Recorded data

--- START ---

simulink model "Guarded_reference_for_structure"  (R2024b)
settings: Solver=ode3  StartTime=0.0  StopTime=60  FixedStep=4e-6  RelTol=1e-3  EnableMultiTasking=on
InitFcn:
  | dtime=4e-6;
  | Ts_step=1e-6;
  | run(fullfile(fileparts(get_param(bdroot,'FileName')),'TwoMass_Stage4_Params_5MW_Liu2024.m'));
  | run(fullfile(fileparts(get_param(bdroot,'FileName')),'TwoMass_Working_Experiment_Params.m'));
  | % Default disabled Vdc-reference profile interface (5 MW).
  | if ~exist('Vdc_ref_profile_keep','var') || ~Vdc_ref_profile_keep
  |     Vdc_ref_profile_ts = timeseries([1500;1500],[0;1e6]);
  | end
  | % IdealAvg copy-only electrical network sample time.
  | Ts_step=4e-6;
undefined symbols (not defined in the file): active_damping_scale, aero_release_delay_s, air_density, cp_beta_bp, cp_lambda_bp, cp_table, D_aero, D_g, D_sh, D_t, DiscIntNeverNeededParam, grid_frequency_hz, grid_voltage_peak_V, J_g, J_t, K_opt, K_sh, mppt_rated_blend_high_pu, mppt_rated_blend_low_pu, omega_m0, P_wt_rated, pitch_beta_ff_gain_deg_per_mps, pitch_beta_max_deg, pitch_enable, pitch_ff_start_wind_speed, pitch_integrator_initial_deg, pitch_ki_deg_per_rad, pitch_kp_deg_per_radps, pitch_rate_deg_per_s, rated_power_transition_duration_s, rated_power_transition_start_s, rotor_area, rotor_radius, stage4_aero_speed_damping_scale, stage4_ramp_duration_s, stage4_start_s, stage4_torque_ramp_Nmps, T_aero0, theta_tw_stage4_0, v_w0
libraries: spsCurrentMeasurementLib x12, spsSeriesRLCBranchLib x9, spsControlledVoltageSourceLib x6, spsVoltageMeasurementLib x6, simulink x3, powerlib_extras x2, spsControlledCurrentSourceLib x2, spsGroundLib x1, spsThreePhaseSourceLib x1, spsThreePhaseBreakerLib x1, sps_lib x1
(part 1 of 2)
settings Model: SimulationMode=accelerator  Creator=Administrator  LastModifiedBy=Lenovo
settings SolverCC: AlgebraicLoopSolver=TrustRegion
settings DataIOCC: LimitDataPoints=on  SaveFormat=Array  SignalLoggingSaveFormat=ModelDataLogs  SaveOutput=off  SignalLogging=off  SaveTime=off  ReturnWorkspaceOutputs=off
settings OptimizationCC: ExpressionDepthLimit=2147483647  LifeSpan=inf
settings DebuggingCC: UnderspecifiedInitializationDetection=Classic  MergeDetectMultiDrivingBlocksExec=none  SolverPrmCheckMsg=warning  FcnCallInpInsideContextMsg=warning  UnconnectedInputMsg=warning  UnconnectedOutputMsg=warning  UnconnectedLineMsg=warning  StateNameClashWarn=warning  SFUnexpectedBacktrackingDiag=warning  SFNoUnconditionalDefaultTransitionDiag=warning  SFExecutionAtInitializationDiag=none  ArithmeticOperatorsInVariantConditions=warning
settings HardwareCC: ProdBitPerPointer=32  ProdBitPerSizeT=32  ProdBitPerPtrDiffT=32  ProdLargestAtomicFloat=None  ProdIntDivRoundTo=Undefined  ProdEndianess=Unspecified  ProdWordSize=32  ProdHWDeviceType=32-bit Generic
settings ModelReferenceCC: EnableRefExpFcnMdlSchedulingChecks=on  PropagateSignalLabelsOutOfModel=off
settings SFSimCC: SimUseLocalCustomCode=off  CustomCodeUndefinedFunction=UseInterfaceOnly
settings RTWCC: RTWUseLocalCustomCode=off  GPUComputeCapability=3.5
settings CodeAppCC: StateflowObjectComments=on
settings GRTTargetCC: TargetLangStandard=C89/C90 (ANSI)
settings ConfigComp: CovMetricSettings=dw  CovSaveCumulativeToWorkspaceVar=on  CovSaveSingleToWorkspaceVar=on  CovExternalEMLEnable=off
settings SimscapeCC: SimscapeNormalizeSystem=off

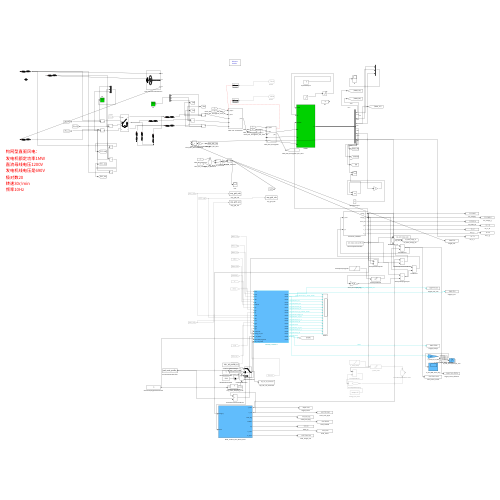
[thumbnail: Simulink's stored preview of the top-level diagram]
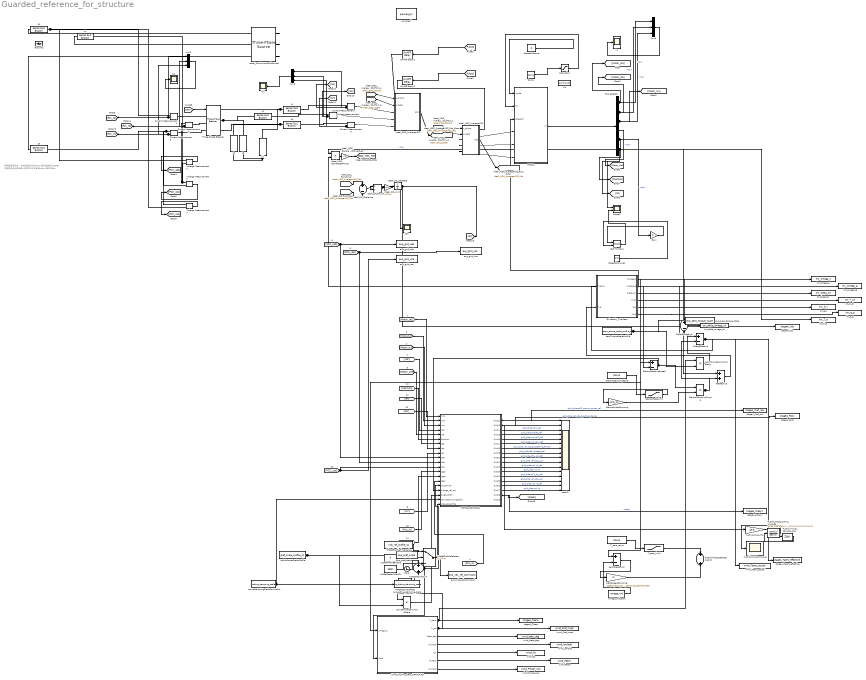
== system Guarded_reference_for_structure ==
  note: 构网型直驱风电：
      | 发电机额定功率1MW
      | 直流母线电压1200V
      | 发电机线电压是690V
      | 极对数20
      | 转速30r/min
      | 频率10Hz
  0speed1torque : Constant  Value=0
  0speed1torque1 : Constant  Value=2*pi
  ActiveDampingScaleCommand : Constant  Value=active_damping_scale
  ActivePowerCommandScale : Product  Inputs=**
  ActivePowerScaleProfile : FromWorkspace  VariableName=pref_scale_profile_ts  OutputAfterFinalValue=Holding final value
  AeroSpeedDamping : Gain  Gain=-stage4_aero_speed_damping_scale*D_aero
  AeroSpeedError : Sum  Inputs=+-
  AeroTorqueCommandScale : Product  Inputs=**
  AeroTorqueScaleProfile : FromWorkspace  VariableName=aero_torque_scale_profile_ts  OutputAfterFinalValue=Holding final value
  Bus Selector : BusSelector  OutputSignals=Statormeasurements.ia1,Statormeasurements.ib1,Statormeasurements.ic1,Mechanical.we,Mechanical.pos,Mechanical.Te
  Clock : Clock
  Current Measurement{,1..5} (6 alike) : spsCurrentMeasurementLib/Current Measurement  PhasorSimulation=off  OutputType=Complex  PSBequivalent=0
  DeltaOmega_sh : Sum  Inputs=+-
  Drivetrain_TwoMass : Subsystem
  Gain : Gain  Gain=2
  Ground1 : spsGroundLib/Ground  LConnTagsString=a
  HotStartClockOffset : Constant  Value=0
  HotStartClockSum : Sum
  Hz : Constant  Value=10*2*pi/20
  Ideal_ContinuousGridSource : spsThreePhaseSourceLib/Three-Phase Source  InternalConnection=Yg  VoltagePhases=off  Voltage=sqrt(3/2)*grid_voltage_peak_V  PhaseAngle=0  Voltage_phases=[25e3 25e3 25e3]/sqrt(3)  PhaseAngles_phases=[0 -120 +120]  Frequency=grid_frequency_hz  NonIdealSource=off  SpecifyImpedance=off  Resistance=0.8929  Inductance=16.58e-3  ShortCircuitLevel=100e6  BaseVoltage=25e3  XRratio=7  BusType=swing  Pref=10e3  Qref=0  Prefabc=[10e3, 10e3, 10e3]  Qrefabc=[0, 0, 0]  Qmin=-inf  Qmax=inf
  Ideal_DC_InvC : Gain  Gain=1/(0.3)
  Ideal_DC_Pbalance : Sum  Inputs=+-
  Ideal_DC_PoverUdc : Product  Inputs=*/
  Ideal_DC_UdcState : Integrator  InitialCondition=1500
  Ideal_GSC_AverageVSC : Subsystem
  Ideal_MSC_AverageVSC : Subsystem
  Ideal_MSC_GeneratedPower : Product  Inputs=**
  Ideal_MSC_GeneratedPowerSign : Gain  Gain=-1
  Iu : Scope
  Iu1 : Scope
  Iu2 : Scope
  L1 : spsSeriesRLCBranchLib/Series RLC Branch  LConnTagsString=__new0  RConnTagsString=__new0  BranchType=RL  Resistance=0.00047610000000000003  Inductance=4.5464201043630816e-05  SetiL0=off  InitialCurrent=0  Capacitance=2e-3  Setx0=off  InitialVoltage=0  Measurements=None
  L2 : spsSeriesRLCBranchLib/Series RLC Branch  LConnTagsString=__new0  RConnTagsString=__new0  BranchType=RL  Resistance=0.00047610000000000003  Inductance=4.5464201043630816e-05  SetiL0=off  InitialCurrent=0  Capacitance=2e-3  Setx0=off  InitialVoltage=0  Measurements=None
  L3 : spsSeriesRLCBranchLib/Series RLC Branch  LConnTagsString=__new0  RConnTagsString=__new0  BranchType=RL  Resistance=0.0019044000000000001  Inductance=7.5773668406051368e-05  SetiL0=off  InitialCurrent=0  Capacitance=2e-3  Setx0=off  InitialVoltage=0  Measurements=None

--- END ---

Only the lines from the one containing "Ideal_GSC_AverageVSC : Subsystem" through the last line of the entries above should be copied, exactly as written.

  Ideal_GSC_AverageVSC : Subsystem
  Ideal_MSC_AverageVSC : Subsystem
  Ideal_MSC_GeneratedPower : Product  Inputs=**
  Ideal_MSC_GeneratedPowerSign : Gain  Gain=-1
  Iu : Scope
  Iu1 : Scope
  Iu2 : Scope
  L1 : spsSeriesRLCBranchLib/Series RLC Branch  LConnTagsString=__new0  RConnTagsString=__new0  BranchType=RL  Resistance=0.00047610000000000003  Inductance=4.5464201043630816e-05  SetiL0=off  InitialCurrent=0  Capacitance=2e-3  Setx0=off  InitialVoltage=0  Measurements=None
  L2 : spsSeriesRLCBranchLib/Series RLC Branch  LConnTagsString=__new0  RConnTagsString=__new0  BranchType=RL  Resistance=0.00047610000000000003  Inductance=4.5464201043630816e-05  SetiL0=off  InitialCurrent=0  Capacitance=2e-3  Setx0=off  InitialVoltage=0  Measurements=None
  L3 : spsSeriesRLCBranchLib/Series RLC Branch  LConnTagsString=__new0  RConnTagsString=__new0  BranchType=RL  Resistance=0.0019044000000000001  Inductance=7.5773668406051368e-05  SetiL0=off  InitialCurrent=0  Capacitance=2e-3  Setx0=off  InitialVoltage=0  Measurements=None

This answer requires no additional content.